Your task: Give the entries below again, word for word, and leave out the images.

(Dataset items)
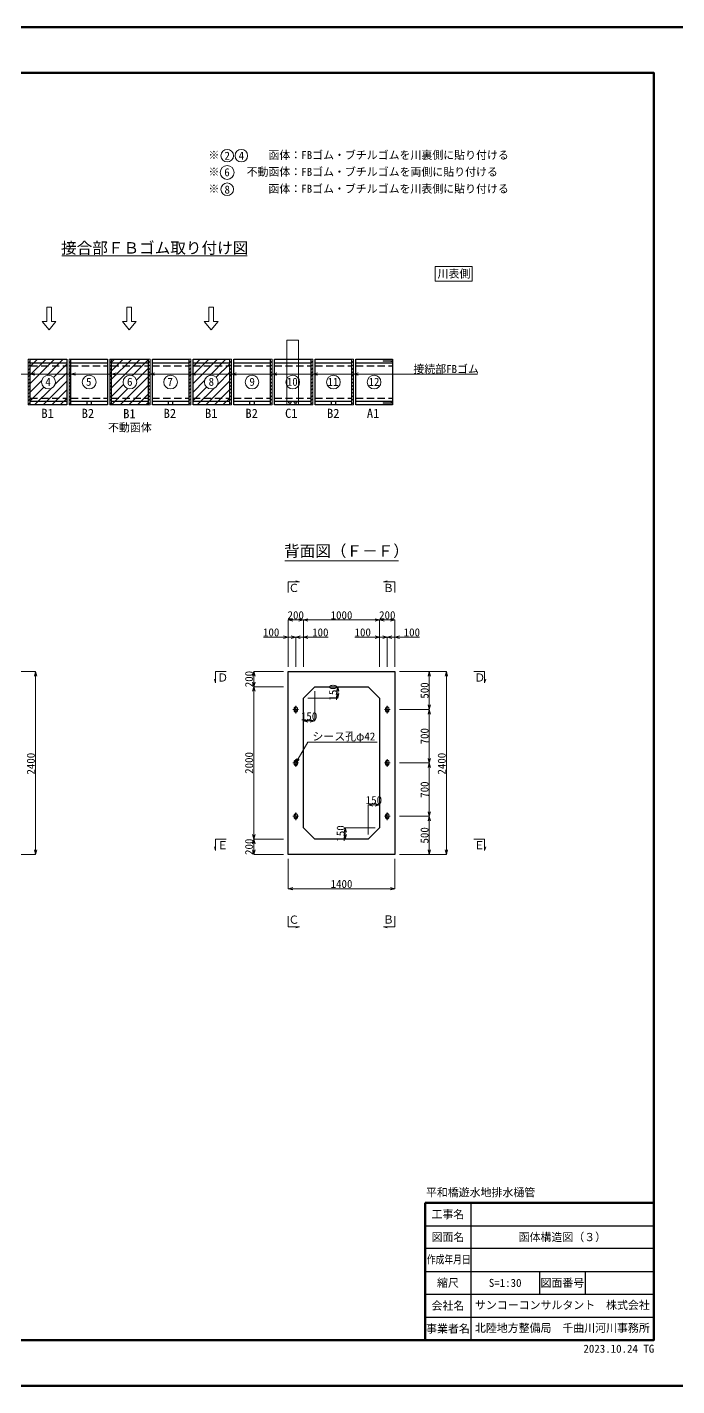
# Model space of a CAD drawing. Header units: millimetres. Extents: x 0 to 126150, y -2000 to 17820.
# Drawn here: x 66875 to 75390, y 0 to 17820 of the extents above; entities that cross this region are included whole.
import ezdxf
from ezdxf import colors
from ezdxf.entities.mleader import LeaderData, LeaderLine
from ezdxf.enums import TextEntityAlignment as Align
from ezdxf.math import Vec2, Vec3

# ---------------------------------------------------------------- set-up
doc = ezdxf.new("R2010")
doc.units = ezdxf.units.MM
doc.header["$LTSCALE"] = 30
doc.linetypes.add('CENTER2', pattern=[28.575, 19.05, -3.175, 3.175, -3.175])
doc.linetypes.add('HIDDEN2', pattern=[4.7625, 3.175, -1.5875])
for name, color, linetype, lineweight in [('0その他', 7, 'Continuous', 13), ('0タイトル', 7, 'Continuous', 13), ('0中心線', 7, 'CENTER2', 5), ('0寸法', 7, 'Continuous', 5), ('0文字', 41, 'Continuous', 5), ('1Pca-BOX', 3, 'Continuous', 25), ('1アンカーボルト孔', 30, 'Continuous', 13), ('1グラウトホール', 1, 'HIDDEN2', 25), ('1シース・トランペットシース', 4, 'HIDDEN2', 13), ('2現場打ち・増しコン', 1, 'HIDDEN2', 13), ('3FBゴム', 181, 'Continuous', 13), ('3機械式継手', 220, 'Continuous', 13), ('D-TTL', 2, 'Continuous', 50), ('D-TTL-FRAM', 7, 'Continuous', 50), ('D-TTL-LINE', 7, 'Continuous', 25), ('D-TTL-TXT', 7, 'Continuous', 25)]:
    doc.layers.add(name, color=color, linetype=linetype, lineweight=lineweight)
doc.styles.get("Standard").update_dxf_attribs({"font": 'MS Gothic.ttf'})
doc.styles.add('寸法文字', font='MS Gothic.ttf')
doc.dimstyles.new('1／30', dxfattribs={"dimscale": 30, "dimtxt": 3.5, "dimasz": 2, "dimexe": 0, "dimexo": 2, "dimgap": 0.3, "dimtad": 1, "dimdec": 0, "dimzin": 1, "dimdsep": 46, "dimtxsty": '寸法文字', "dimblk": 'OPEN30', "dimcen": 2.5, "dimclrd": 256, "dimclre": 256, "dimclrt": 256, "dimadec": 0, "dimazin": 0, "dimtfac": 1, "dimtdec": 0, "dimtmove": 0, "dimatfit": 3, "dimldrblk": 'OPEN30', "dimfxl": 1, "dimlwd": -1, "dimlwe": -1, "dimarcsym": 0})

# ---------------------------------------------------------------- blocks, each defined once
blk = doc.blocks.new('機械式継手1')
at = {"layer": '0中心線', "linetype": 'ByBlock', "ltscale": 0.1}
blk.add_line((0, -26), (120, -26), dxfattribs=at)
at = {"layer": '3機械式継手'}
for p, q in [((0, -23), (0, -29)), ((0, -23), (0, -29)), ((4, -23), (0, -23)), ((4, -29), (0, -29)), ((4, -23), (5, -23)), ((19, -23), (5, -23)), ((4, -29), (5, -30)), ((19, -30), (5, -30)), ((19, -30), (19, -23)), ((19, -24), (120, -24)), ((19, -28), (120, -28)), ((120, -28), (120, -24))]:
    blk.add_line(p, q, dxfattribs=at)
at = {"layer": '3機械式継手', "linetype": 'HIDDEN2', "ltscale": 0.6}
for p, q in [((19, -24), (0, -24)), ((19, -28), (0, -28)), ((5, -28), (5, -24)), ((8, -28), (8, -24))]:
    blk.add_line(p, q, dxfattribs=at)
blk = doc.blocks.new('機械式継手2')
at = {"layer": '0中心線', "linetype": 'ByBlock', "ltscale": 0.1}
blk.add_line((0, 26), (120, 26), dxfattribs=at)
at = {"layer": '3機械式継手'}
for p, q in [((0, 29), (0, 23)), ((0, 29), (0, 23)), ((4, 29), (0, 29)), ((4, 23), (0, 23)), ((4, 29), (5, 30)), ((19, 30), (5, 30)), ((19, 23), (5, 23)), ((4, 23), (5, 23)), ((19, 23), (19, 30)), ((19, 28), (120, 28)), ((19, 24), (120, 24)), ((120, 24), (120, 28))]:
    blk.add_line(p, q, dxfattribs=at)
at = {"layer": '3機械式継手', "linetype": 'HIDDEN2', "ltscale": 0.6}
for p, q in [((19, 28), (0, 28)), ((19, 24), (0, 24)), ((5, 24), (5, 28)), ((8, 24), (8, 28))]:
    blk.add_line(p, q, dxfattribs=at)
blk = doc.blocks.new('_Open30')
at = {"color": 0, "linetype": 'ByBlock', "lineweight": -2}
for p, q in [((-1, 0.27), (0, 0)), ((0, 0), (-1, -0.27)), ((0, 0), (-1, 0))]:
    blk.add_line(p, q, dxfattribs=at)
blk = doc.blocks.new('*D100')
at = {"layer": '0寸法', "transparency": 16777216}
for p, q in [((71755, 9370), (72370, 9370)), ((72370, 9310), (72370, 7030)), ((71755, 6970), (72370, 6970))]:
    blk.add_line(p, q, dxfattribs=at)
at = {"layer": 'Defpoints', "color": 0, "transparency": 16777216}
for p in [(71695, 9370), (71695, 6970), (72370, 6970)]:
    blk.add_point(p, dxfattribs=at)
at = {"layer": '0寸法', "transparency": 16777216, "xscale": 60, "yscale": 60, "zscale": 60}
for p, rotation in [((72370, 9370), 90), ((72370, 6970), 270)]:
    blk.add_blockref('_Open30', p, dxfattribs=dict(at, rotation=rotation))
at = {"layer": '0寸法', "transparency": 16777216, "insert": (72309, 8160), "char_height": 105, "attachment_point": 5, "rotation": 90, "style": '寸法文字'}
blk.add_mtext('2400', dxfattribs=at)
blk = doc.blocks.new('*D101')
at = {"layer": '0寸法', "transparency": 16777216}
for p, q in [((70235, 9370), (69845, 9370)), ((69845, 9310), (69845, 9230)), ((70235, 9170), (69845, 9170))]:
    blk.add_line(p, q, dxfattribs=at)
at = {"layer": 'Defpoints', "color": 0, "transparency": 16777216}
for p in [(70295, 9370), (69845, 9170), (70295, 9170)]:
    blk.add_point(p, dxfattribs=at)
at = {"layer": '0寸法', "transparency": 16777216, "xscale": 60, "yscale": 60, "zscale": 60}
for p, rotation in [((69845, 9370), 90), ((69845, 9170), 270)]:
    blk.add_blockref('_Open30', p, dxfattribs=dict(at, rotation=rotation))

Answer to the exercise:
# Model space of a CAD drawing. Header units: millimetres. Extents: x 0 to 126150, y -2000 to 17820.
# Drawn here: x 66875 to 75390, y 0 to 17820 of the extents above; entities that cross this region are included whole.
import ezdxf
from ezdxf import colors
from ezdxf.entities.mleader import LeaderData, LeaderLine
from ezdxf.enums import TextEntityAlignment as Align
from ezdxf.math import Vec2, Vec3

# ---------------------------------------------------------------- set-up
doc = ezdxf.new("R2010")
doc.units = ezdxf.units.MM
doc.header["$LTSCALE"] = 30
doc.linetypes.add('CENTER2', pattern=[28.575, 19.05, -3.175, 3.175, -3.175])
doc.linetypes.add('HIDDEN2', pattern=[4.7625, 3.175, -1.5875])
for name, color, linetype, lineweight in [('0その他', 7, 'Continuous', 13), ('0タイトル', 7, 'Continuous', 13), ('0中心線', 7, 'CENTER2', 5), ('0寸法', 7, 'Continuous', 5), ('0文字', 41, 'Continuous', 5), ('1Pca-BOX', 3, 'Continuous', 25), ('1アンカーボルト孔', 30, 'Continuous', 13), ('1グラウトホール', 1, 'HIDDEN2', 25), ('1シース・トランペットシース', 4, 'HIDDEN2', 13), ('2現場打ち・増しコン', 1, 'HIDDEN2', 13), ('3FBゴム', 181, 'Continuous', 13), ('3機械式継手', 220, 'Continuous', 13), ('D-TTL', 2, 'Continuous', 50), ('D-TTL-FRAM', 7, 'Continuous', 50), ('D-TTL-LINE', 7, 'Continuous', 25), ('D-TTL-TXT', 7, 'Continuous', 25)]:
    doc.layers.add(name, color=color, linetype=linetype, lineweight=lineweight)
doc.styles.get("Standard").update_dxf_attribs({"font": 'MS Gothic.ttf'})
doc.styles.add('寸法文字', font='MS Gothic.ttf')
doc.dimstyles.new('1／30', dxfattribs={"dimscale": 30, "dimtxt": 3.5, "dimasz": 2, "dimexe": 0, "dimexo": 2, "dimgap": 0.3, "dimtad": 1, "dimdec": 0, "dimzin": 1, "dimdsep": 46, "dimtxsty": '寸法文字', "dimblk": 'OPEN30', "dimcen": 2.5, "dimclrd": 256, "dimclre": 256, "dimclrt": 256, "dimadec": 0, "dimazin": 0, "dimtfac": 1, "dimtdec": 0, "dimtmove": 0, "dimatfit": 3, "dimldrblk": 'OPEN30', "dimfxl": 1, "dimlwd": -1, "dimlwe": -1, "dimarcsym": 0})

# ---------------------------------------------------------------- blocks, each defined once
blk = doc.blocks.new('機械式継手1')
at = {"layer": '0中心線', "linetype": 'ByBlock', "ltscale": 0.1}
blk.add_line((0, -26), (120, -26), dxfattribs=at)
at = {"layer": '3機械式継手'}
for p, q in [((0, -23), (0, -29)), ((0, -23), (0, -29)), ((4, -23), (0, -23)), ((4, -29), (0, -29)), ((4, -23), (5, -23)), ((19, -23), (5, -23)), ((4, -29), (5, -30)), ((19, -30), (5, -30)), ((19, -30), (19, -23)), ((19, -24), (120, -24)), ((19, -28), (120, -28)), ((120, -28), (120, -24))]:
    blk.add_line(p, q, dxfattribs=at)
at = {"layer": '3機械式継手', "linetype": 'HIDDEN2', "ltscale": 0.6}
for p, q in [((19, -24), (0, -24)), ((19, -28), (0, -28)), ((5, -28), (5, -24)), ((8, -28), (8, -24))]:
    blk.add_line(p, q, dxfattribs=at)
blk = doc.blocks.new('機械式継手2')
at = {"layer": '0中心線', "linetype": 'ByBlock', "ltscale": 0.1}
blk.add_line((0, 26), (120, 26), dxfattribs=at)
at = {"layer": '3機械式継手'}
for p, q in [((0, 29), (0, 23)), ((0, 29), (0, 23)), ((4, 29), (0, 29)), ((4, 23), (0, 23)), ((4, 29), (5, 30)), ((19, 30), (5, 30)), ((19, 23), (5, 23)), ((4, 23), (5, 23)), ((19, 23), (19, 30)), ((19, 28), (120, 28)), ((19, 24), (120, 24)), ((120, 24), (120, 28))]:
    blk.add_line(p, q, dxfattribs=at)
at = {"layer": '3機械式継手', "linetype": 'HIDDEN2', "ltscale": 0.6}
for p, q in [((19, 28), (0, 28)), ((19, 24), (0, 24)), ((5, 24), (5, 28)), ((8, 24), (8, 28))]:
    blk.add_line(p, q, dxfattribs=at)
blk = doc.blocks.new('_Open30')
at = {"color": 0, "linetype": 'ByBlock', "lineweight": -2}
for p, q in [((-1, 0.27), (0, 0)), ((0, 0), (-1, -0.27)), ((0, 0), (-1, 0))]:
    blk.add_line(p, q, dxfattribs=at)
blk = doc.blocks.new('*D100')
at = {"layer": '0寸法', "transparency": 16777216}
for p, q in [((71755, 9370), (72370, 9370)), ((72370, 9310), (72370, 7030)), ((71755, 6970), (72370, 6970))]:
    blk.add_line(p, q, dxfattribs=at)
at = {"layer": 'Defpoints', "color": 0, "transparency": 16777216}
for p in [(71695, 9370), (71695, 6970), (72370, 6970)]:
    blk.add_point(p, dxfattribs=at)
at = {"layer": '0寸法', "transparency": 16777216, "xscale": 60, "yscale": 60, "zscale": 60}
for p, rotation in [((72370, 9370), 90), ((72370, 6970), 270)]:
    blk.add_blockref('_Open30', p, dxfattribs=dict(at, rotation=rotation))
at = {"layer": '0寸法', "transparency": 16777216, "insert": (72309, 8160), "char_height": 105, "attachment_point": 5, "rotation": 90, "style": '寸法文字'}
blk.add_mtext('2400', dxfattribs=at)
blk = doc.blocks.new('*D101')
at = {"layer": '0寸法', "transparency": 16777216}
for p, q in [((70235, 9370), (69845, 9370)), ((69845, 9310), (69845, 9230)), ((70235, 9170), (69845, 9170))]:
    blk.add_line(p, q, dxfattribs=at)
at = {"layer": 'Defpoints', "color": 0, "transparency": 16777216}
for p in [(70295, 9370), (69845, 9170), (70295, 9170)]:
    blk.add_point(p, dxfattribs=at)
at = {"layer": '0寸法', "transparency": 16777216, "xscale": 60, "yscale": 60, "zscale": 60}
for p, rotation in [((69845, 9370), 90), ((69845, 9170), 270)]:
    blk.add_blockref('_Open30', p, dxfattribs=dict(at, rotation=rotation))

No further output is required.